The twelve principles undergirding DPI development and deployment:
- Inclusivity: Economic, technical, or social barriers should be eliminated to enable inclusion, empower end-users, improve last-mile access, and avoid “erroneous” algorithmic biases.
- Interoperability: This should be enabled by using and building DPI with open standards and specifications, with a “technology-neutral” approach. This should be done while keeping in mind safeguards, legal considerations, and technical constraints.
- Modularity and extensibility: Develop DPIs using a building block or modular architectural approach—these allow changes or modifications to the service to be accommodated without disruptions.
- Scalability: Flexible designs should be used to easily accommodate unexpected increases in demand, and/or to fulfil expansion needs without changing pre-existing systems.

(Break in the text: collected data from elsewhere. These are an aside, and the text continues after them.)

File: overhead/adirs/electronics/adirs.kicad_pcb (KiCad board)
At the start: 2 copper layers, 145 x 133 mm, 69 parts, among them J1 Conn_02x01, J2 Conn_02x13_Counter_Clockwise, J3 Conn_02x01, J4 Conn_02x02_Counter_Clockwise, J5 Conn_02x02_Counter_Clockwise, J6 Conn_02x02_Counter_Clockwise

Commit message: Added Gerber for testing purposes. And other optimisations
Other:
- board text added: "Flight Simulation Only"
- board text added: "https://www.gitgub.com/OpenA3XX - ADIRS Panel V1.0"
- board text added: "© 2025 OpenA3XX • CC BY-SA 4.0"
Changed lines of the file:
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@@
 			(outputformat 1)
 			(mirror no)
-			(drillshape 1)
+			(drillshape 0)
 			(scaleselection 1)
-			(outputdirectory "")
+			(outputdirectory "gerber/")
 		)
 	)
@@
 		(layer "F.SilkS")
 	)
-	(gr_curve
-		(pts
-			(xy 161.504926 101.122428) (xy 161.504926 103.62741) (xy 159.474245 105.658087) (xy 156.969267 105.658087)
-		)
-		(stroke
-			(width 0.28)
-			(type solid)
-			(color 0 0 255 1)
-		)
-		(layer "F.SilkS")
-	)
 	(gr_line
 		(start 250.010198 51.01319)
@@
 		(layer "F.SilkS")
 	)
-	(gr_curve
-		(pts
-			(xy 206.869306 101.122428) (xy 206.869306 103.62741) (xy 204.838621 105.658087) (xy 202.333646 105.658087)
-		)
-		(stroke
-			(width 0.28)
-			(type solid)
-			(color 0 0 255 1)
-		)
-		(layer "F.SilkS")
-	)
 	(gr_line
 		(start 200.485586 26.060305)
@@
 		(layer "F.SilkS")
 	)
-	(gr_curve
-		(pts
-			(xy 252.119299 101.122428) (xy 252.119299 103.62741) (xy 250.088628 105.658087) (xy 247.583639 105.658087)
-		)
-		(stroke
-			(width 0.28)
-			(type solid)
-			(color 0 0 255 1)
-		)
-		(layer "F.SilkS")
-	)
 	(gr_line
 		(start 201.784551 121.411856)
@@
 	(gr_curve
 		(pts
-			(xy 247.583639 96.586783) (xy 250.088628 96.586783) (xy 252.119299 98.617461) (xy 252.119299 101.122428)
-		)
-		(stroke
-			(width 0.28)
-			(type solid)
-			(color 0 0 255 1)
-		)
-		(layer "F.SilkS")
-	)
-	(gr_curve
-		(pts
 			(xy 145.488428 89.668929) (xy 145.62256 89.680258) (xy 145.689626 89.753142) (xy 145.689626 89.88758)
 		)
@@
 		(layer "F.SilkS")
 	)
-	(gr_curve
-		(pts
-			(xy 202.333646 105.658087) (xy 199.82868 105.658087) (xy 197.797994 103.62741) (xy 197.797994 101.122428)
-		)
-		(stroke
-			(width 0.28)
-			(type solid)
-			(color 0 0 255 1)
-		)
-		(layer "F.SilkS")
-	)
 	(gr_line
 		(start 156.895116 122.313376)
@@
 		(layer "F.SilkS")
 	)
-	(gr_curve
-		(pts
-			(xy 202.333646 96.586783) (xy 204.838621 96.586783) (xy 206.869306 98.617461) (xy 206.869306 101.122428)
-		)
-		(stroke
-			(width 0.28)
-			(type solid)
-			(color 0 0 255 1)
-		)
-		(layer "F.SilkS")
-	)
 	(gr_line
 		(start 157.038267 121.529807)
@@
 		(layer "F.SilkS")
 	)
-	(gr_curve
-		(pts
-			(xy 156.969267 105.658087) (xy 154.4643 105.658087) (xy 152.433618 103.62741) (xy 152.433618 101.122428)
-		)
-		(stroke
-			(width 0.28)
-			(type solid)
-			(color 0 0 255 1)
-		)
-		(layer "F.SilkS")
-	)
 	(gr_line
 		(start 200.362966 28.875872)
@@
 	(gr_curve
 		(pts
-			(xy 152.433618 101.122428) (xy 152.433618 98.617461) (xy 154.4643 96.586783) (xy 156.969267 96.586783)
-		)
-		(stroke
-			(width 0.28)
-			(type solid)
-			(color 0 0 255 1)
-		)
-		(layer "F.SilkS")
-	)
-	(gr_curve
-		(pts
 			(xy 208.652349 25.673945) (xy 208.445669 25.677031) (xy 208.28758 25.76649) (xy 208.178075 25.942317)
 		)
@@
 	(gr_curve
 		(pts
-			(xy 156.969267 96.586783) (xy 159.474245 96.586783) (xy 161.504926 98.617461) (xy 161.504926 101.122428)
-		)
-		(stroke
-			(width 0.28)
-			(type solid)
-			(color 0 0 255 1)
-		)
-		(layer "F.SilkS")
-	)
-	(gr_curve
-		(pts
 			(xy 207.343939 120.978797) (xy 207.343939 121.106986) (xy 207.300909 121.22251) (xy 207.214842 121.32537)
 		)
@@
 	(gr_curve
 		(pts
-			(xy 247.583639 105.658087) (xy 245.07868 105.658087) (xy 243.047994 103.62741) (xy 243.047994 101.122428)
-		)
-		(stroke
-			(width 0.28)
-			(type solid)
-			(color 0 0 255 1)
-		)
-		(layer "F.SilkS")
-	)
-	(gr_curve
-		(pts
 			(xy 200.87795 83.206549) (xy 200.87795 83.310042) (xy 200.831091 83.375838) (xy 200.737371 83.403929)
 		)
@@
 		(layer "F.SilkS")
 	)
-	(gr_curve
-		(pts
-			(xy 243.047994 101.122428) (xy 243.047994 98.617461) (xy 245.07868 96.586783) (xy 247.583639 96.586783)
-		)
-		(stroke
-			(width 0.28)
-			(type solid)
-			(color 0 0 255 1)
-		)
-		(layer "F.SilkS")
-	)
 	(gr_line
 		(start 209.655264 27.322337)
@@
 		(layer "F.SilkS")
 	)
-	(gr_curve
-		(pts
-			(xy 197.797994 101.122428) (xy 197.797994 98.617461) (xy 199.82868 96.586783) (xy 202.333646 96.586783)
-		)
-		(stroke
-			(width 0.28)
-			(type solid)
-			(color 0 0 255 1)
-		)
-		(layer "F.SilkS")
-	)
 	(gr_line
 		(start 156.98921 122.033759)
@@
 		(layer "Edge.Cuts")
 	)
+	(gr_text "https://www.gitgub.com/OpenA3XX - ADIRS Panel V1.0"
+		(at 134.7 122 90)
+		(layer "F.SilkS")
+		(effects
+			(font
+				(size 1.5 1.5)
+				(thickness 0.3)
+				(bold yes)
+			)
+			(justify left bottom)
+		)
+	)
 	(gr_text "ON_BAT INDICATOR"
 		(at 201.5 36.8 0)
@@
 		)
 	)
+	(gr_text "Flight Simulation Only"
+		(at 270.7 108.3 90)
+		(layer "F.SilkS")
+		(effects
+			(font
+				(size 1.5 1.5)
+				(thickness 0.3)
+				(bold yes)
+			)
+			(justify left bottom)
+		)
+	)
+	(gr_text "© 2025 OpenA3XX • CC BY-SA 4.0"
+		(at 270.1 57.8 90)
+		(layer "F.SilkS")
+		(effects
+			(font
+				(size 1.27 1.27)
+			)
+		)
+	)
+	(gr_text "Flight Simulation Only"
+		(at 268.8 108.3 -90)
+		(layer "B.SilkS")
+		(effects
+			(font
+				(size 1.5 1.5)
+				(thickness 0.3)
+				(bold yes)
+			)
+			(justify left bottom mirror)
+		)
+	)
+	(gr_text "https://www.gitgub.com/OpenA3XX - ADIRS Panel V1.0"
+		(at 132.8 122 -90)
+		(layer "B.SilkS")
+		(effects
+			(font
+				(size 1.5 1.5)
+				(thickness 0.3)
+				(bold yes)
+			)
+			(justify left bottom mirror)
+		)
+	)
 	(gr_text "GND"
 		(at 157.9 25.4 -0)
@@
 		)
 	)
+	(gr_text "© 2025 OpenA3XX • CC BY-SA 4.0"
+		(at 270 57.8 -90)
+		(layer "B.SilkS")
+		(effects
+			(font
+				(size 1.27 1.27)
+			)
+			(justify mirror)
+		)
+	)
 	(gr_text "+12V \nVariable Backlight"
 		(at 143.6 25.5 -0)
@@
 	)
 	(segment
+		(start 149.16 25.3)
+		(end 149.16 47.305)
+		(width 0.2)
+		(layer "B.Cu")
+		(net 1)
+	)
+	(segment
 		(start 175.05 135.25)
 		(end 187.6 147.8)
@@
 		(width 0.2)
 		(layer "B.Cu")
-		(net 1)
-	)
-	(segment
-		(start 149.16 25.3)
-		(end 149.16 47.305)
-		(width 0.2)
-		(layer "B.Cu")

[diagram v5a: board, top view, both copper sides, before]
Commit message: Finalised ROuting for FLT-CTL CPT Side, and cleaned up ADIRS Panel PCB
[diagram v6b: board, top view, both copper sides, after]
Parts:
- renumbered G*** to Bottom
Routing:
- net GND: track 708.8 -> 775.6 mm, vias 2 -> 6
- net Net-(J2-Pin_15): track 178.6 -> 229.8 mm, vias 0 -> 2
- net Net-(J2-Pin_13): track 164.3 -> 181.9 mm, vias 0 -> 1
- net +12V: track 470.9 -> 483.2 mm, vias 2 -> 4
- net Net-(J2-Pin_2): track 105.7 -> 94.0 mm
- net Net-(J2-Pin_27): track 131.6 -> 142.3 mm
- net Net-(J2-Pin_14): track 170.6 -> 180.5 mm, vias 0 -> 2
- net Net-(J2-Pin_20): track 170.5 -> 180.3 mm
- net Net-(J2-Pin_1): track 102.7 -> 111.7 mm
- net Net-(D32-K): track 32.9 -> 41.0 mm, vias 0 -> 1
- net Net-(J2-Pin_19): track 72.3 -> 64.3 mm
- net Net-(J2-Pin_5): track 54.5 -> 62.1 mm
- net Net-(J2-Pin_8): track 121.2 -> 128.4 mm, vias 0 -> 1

- Facilitating public benefit, trust, and transparency through governance: Maximising these values while respecting legal frameworks requires laws and regulations for DPI to ensure that the tech is safe, secure, trusted, and governed transparently. It should also promote inclusion and competition while adhering to data protection and privacy principles.
- Human rights: Approaches adopted should respect human rights while planning, designing, building, and operating the DPI.
- Privacy and security: Approaches to building DPI should embed privacy-enhancing and security tech within the services core design to ensure privacy and data protection, as well as “resilience based on standards offering appropriate levels of protection”.
- IP Protection: “Adequate and effective” mechanisms to protect and enforce the intellectual property rights of technology rights holders should be developed based on pre-existing legal frameworks.
- Grievance redressal: Transparent and accessible grievance redressal mechanisms should be designed, which focus on “actions for resolution”.
- Sustainability: The DPI’s sustainability should be ensured through “adequate” financing and tech support to allow for uninterrupted and seamless delivery of the service.
- Collaboration: Community actors should be encouraged to participate while planning, designing, building, and operating the DPI to facilitate “openness and collaboration”.
- Sustainable development: Aim to develop DPI that helps achieve the Sustainable Development Goals by 2030.